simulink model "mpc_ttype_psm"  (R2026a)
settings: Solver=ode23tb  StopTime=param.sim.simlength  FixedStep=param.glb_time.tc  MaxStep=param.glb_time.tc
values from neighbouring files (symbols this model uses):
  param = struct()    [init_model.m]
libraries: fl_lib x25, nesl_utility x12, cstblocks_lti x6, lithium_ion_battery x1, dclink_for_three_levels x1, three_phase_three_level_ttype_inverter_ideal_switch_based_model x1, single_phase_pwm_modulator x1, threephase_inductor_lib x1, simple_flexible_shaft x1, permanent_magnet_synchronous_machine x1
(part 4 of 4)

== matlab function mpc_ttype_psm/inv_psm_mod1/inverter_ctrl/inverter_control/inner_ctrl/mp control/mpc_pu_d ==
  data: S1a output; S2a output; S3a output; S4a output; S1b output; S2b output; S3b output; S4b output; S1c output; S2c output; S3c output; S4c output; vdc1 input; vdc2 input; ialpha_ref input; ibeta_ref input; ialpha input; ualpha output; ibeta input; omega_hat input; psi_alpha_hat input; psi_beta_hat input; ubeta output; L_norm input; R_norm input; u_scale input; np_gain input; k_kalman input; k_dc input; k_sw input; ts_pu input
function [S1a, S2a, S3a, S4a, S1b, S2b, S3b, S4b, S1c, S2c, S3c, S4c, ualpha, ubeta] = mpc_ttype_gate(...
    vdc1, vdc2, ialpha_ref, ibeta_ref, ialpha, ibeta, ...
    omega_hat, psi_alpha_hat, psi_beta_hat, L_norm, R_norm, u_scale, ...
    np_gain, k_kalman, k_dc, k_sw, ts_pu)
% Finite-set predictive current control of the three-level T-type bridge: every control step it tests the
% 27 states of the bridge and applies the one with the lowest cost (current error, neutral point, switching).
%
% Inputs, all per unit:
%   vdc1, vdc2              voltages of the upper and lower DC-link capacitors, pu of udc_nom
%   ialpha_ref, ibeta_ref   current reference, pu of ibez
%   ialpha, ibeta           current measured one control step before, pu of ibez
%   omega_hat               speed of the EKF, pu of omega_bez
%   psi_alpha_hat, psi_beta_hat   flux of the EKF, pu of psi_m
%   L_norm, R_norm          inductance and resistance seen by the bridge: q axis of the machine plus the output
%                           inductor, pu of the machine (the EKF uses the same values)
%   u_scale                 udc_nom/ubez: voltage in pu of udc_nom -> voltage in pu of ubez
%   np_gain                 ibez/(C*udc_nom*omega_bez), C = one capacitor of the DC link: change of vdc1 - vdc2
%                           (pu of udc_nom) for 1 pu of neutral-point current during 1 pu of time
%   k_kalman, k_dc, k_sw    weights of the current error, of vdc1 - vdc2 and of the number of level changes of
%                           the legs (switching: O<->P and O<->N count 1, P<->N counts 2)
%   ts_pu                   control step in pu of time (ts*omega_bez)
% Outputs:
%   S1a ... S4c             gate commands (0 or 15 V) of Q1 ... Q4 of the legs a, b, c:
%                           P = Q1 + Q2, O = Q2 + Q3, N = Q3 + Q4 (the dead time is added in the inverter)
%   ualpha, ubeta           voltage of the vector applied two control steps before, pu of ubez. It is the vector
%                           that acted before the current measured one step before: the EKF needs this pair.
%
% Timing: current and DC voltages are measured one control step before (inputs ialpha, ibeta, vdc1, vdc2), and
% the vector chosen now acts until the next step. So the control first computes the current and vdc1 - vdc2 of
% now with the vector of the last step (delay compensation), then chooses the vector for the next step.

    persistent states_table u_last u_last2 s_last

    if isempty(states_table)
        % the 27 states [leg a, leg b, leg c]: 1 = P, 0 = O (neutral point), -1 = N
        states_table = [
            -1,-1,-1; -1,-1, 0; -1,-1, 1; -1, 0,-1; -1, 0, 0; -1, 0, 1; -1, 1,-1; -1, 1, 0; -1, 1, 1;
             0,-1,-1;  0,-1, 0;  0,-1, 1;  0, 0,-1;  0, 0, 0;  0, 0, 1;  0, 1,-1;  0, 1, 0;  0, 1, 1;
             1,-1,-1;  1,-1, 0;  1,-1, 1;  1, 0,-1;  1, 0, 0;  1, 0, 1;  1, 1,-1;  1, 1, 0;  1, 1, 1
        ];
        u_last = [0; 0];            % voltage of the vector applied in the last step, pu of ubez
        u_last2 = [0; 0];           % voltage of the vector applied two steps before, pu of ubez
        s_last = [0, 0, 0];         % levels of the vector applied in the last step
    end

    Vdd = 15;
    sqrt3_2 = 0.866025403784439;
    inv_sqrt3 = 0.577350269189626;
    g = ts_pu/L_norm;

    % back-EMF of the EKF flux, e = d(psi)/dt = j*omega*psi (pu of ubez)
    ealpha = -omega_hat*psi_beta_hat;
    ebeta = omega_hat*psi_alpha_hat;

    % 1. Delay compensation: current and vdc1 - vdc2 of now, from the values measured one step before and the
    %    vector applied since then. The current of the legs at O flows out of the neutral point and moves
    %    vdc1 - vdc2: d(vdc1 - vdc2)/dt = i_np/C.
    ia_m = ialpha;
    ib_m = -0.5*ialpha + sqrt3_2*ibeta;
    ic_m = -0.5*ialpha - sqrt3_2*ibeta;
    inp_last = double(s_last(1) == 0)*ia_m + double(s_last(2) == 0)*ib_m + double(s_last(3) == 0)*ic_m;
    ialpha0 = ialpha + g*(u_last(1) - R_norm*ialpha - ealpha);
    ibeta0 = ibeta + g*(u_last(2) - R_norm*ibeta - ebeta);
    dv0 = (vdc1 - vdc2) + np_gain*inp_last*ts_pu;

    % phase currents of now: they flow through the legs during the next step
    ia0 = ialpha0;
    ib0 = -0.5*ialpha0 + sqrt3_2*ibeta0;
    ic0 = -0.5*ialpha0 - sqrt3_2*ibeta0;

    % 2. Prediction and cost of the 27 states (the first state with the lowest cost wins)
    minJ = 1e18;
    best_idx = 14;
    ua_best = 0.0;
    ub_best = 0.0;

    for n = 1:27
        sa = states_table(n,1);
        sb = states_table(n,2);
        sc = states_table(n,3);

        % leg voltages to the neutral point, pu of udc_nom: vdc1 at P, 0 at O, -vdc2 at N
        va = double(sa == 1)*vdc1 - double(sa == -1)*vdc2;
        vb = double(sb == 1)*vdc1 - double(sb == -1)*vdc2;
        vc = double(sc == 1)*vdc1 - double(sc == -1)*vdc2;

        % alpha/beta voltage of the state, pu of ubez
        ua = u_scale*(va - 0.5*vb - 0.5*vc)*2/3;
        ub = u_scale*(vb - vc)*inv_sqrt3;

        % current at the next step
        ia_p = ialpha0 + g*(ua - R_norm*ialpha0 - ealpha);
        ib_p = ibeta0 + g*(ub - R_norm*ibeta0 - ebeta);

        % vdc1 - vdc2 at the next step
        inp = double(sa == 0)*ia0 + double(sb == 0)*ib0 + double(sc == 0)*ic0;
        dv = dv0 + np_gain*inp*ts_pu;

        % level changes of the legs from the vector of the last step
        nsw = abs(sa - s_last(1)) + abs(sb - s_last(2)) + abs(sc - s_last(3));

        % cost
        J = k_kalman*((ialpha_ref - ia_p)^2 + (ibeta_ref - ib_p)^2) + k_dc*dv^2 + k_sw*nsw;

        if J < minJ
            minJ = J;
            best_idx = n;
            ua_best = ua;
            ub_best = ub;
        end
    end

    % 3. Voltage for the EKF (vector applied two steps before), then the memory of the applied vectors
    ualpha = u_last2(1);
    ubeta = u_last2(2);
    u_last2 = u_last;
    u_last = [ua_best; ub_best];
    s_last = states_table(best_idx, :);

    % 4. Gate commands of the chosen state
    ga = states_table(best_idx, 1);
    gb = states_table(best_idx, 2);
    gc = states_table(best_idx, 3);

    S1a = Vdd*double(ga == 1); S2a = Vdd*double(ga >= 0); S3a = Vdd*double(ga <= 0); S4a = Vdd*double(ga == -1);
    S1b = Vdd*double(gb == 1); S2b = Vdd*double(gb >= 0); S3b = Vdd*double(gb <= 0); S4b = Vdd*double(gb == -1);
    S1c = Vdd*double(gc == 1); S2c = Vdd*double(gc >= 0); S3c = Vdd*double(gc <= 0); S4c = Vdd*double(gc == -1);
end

=== Task to complete ===
Show every line of the records above that contains the word "measured".

=== Exercise solution ===
%   ialpha, ibeta           current measured one control step before, pu of ibez
%                           that acted before the current measured one step before: the EKF needs this pair.
% Timing: current and DC voltages are measured one control step before (inputs ialpha, ibeta, vdc1, vdc2), and
    % 1. Delay compensation: current and vdc1 - vdc2 of now, from the values measured one step before and the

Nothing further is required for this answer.